With the way our weather can change, I'm not too keen to say come at a particular time but I'll just give some insights to the variations you can expect and attractions.

First of all, flying into Perth and out from other side is a sensible idea and you might be interested in looking at Welcome to AirAsia.com, The World's Best Low-Cost Airline for they have very cheap flights from Stansted in the UK via KL to Perth and also to/from Melbourne and the Gold Coast, so if you can get a cheap budget flight from Spain across to the UK _[and probably many seeing as Brits love Spain warmer weather I understand]_ you could put together a good deal.

With the budget airlines like airasia you just book separate legs and so it lends itself to flexibility of asian stopovers if you are interested, eg. you might consider flying into KL and then travelling down to Singapore.
Welcome To Tiger Airways fly Singapore to Perth and you will see that both airlines have many routes about asia ex KL or Singapore and on way back you could fly ex Sydney to Macau with Welcome to Viva Macau! Simply Different and then via ferry to Hong Kong get a flight back to KL.

But back to Australia and in flying into Perth, one of the regions big attractions is Wild Flowers of early Spring season, particularly in what they refer to as the SW of WA though it is more actually south/SE of Perth and they also have areas of them to the north of Perth and abundance will vary from season to season and though years have been somewhat drier recently, extra earlier warmth may bring them out earlier.
August or an early September start would be a reasonably safe start for that, and therein lies something of a dilemma re predictions as I alluded to.

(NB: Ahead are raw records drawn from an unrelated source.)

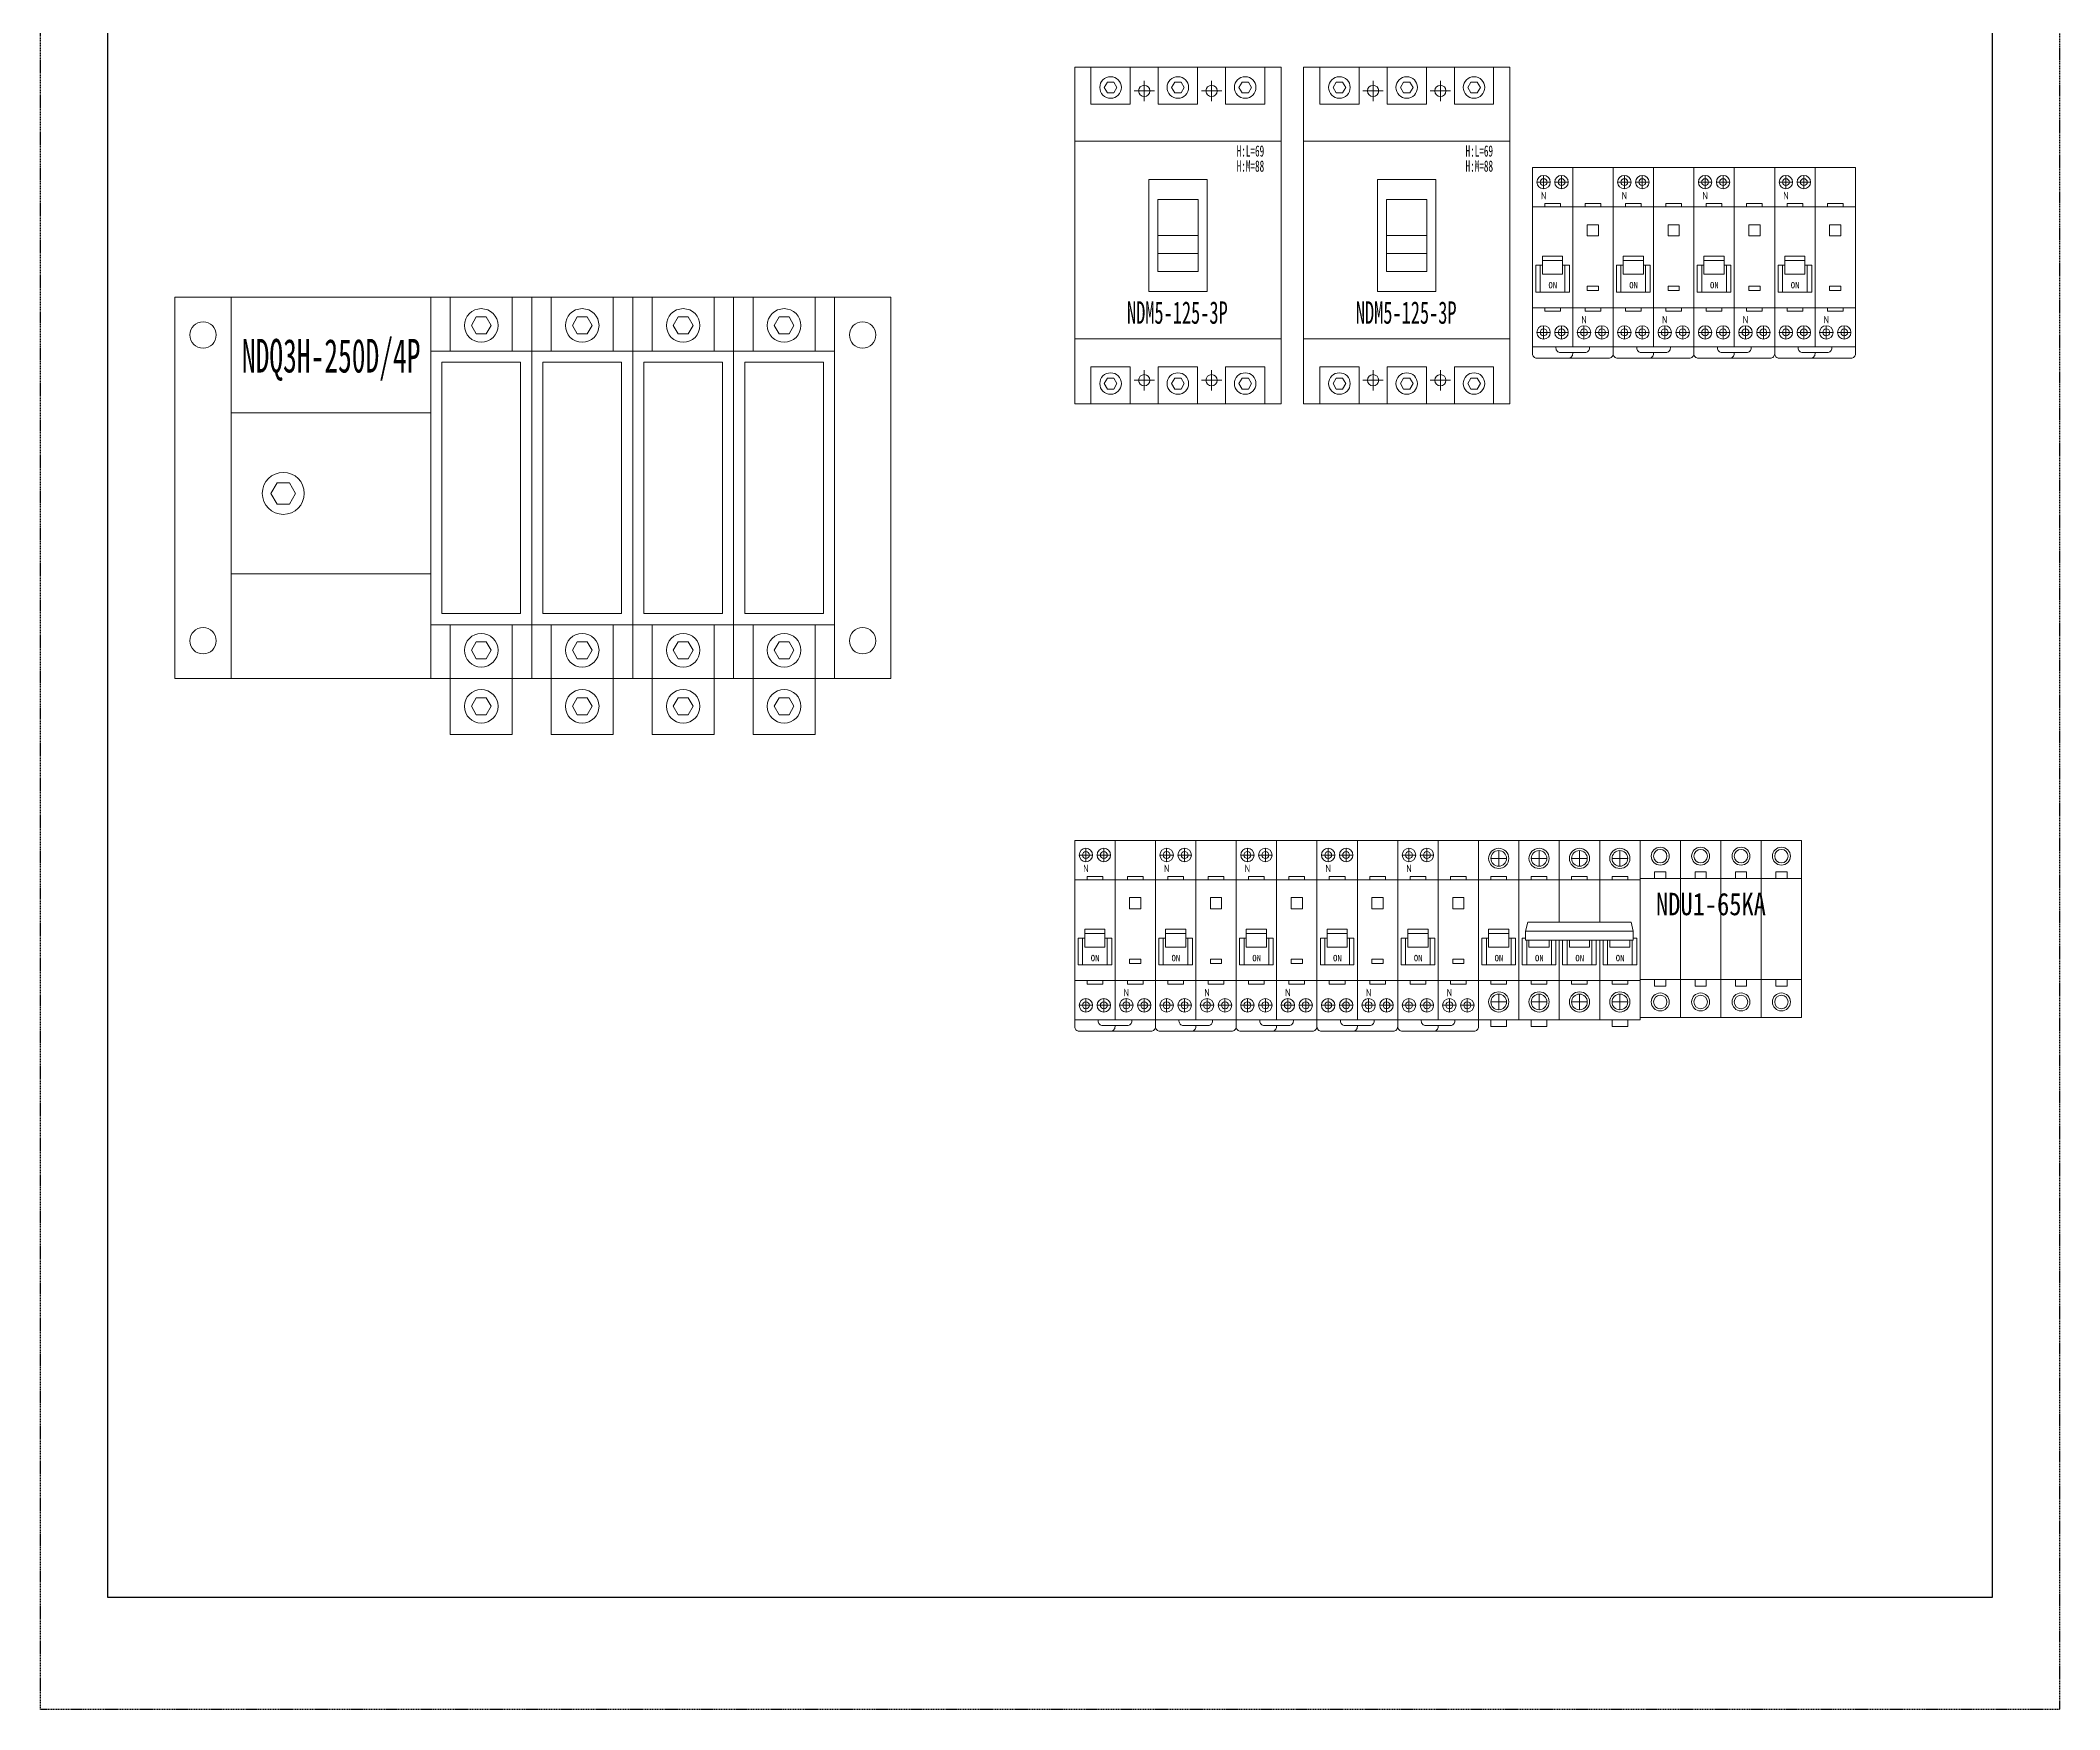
# Model space of a CAD drawing. Extents: x 304572 to 305472, y 311458 to 312658.
# Drawn here: x 304572 to 305472, y 311458 to 312202 of the extents above; entities that cross this region are included whole.
import ezdxf

# ---------------------------------------------------------------- set-up
doc = ezdxf.new("R2010")
doc.units = 0
doc.header["$MEASUREMENT"] = 0
doc.linetypes.add('DASHED', pattern=[0.75, 0.5, -0.25])
doc.layers.add('E-UNIV-NOTE', color=6, linetype='Continuous')
doc.layers.add('布置图', color=30, linetype='Continuous')
doc.layers.add('细线', color=7, linetype='Continuous', lineweight=0)
doc.styles.add('-仿宋_GB2312', font='gbenor.shx', dxfattribs={"bigfont": 'gbcbig.shx'})
doc.styles.add('宋', font='', dxfattribs={"width": 0.7})
doc.styles.add('宋体', font='', dxfattribs={"width": 0.8})
doc.styles.add('正常', font='')
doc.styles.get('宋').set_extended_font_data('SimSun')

For whereas September was selected as best time of the year for Olympic Games in Sydney and they had beautiful weather in 2000, who would have thought of:
Sydney sees red as dust storm hits NSW

But that kind of hopefully irregular weather aside, September/October is generally not too bad with usually cooler to milder weather, not too cold and yet hopefully missing the later Spring and early Summer storms that can develop *[ but no guarantees!] *

There are the Spring break school holidays:
Australian School Holidays Public holidays dates
but because of year end tests/examinations looming it is not a time of year that too many families are off holidaying and getting accommodation nor additional road traffic would be a problem.

Perth to Adelaide on the Indian Pacific is going to be a two night/one day trip and possibly fortunate from the one day aspect because scenery is going to be very monotonous, a huge ammount of red soil to be seen, the same type enshrouding Sydney and the nights on the IP can be something of a social affair with a lounge bar, piano included I think and a good opportunity to interact with other travellers, but that you can do with other road travels if you stop at cabins in caravan parks, most being very well equipped with outdoor BBQ facilities and also a great way to meet many Australian travellers who will be keen to learn of Spain and any other travels you have done while also giving you good localities/sights info on Australia - a bit like going to a Tapas[is it?] bar for chit chat.
Indian Pacific Timetable

If you fly into Perth, I would think allowing a couple of weeks would be great to see Perth itself, a lovely setting on the Swan River, Fremantle for a bit of history, Rottnest Island and the SW/SE.
Getting Around the South West - Tourism Western Australia

You could spend longer if you wanted to go further afield and you may want to look at doing a SE loop down to Maragaret River wine country, the inland forests and Albany and onto Esperance before driving up to Kalgoorlie.
And one option to explore would be instead of driving back to Perth, catch the IP at Kalgoorlie and the trip across to Adelaide would at least allow you to see something of the expanse that the outback is.

You may even be inspired to see more of it and you can get cheap flights with Tiger Airways from Adelaide to Alice Springs and tours from there to Uluru, Small Group adventure tours and travel throughout Australia and APT Australian Pacific Touring, Book Travel Online, Europe River Cruises, South Pacific Vacations, APT World Discoveries being examples of range available and early September not being too bad a time to visit.
Mind you, even Tiger flights on short time to flight date will not be as cheap as they could be.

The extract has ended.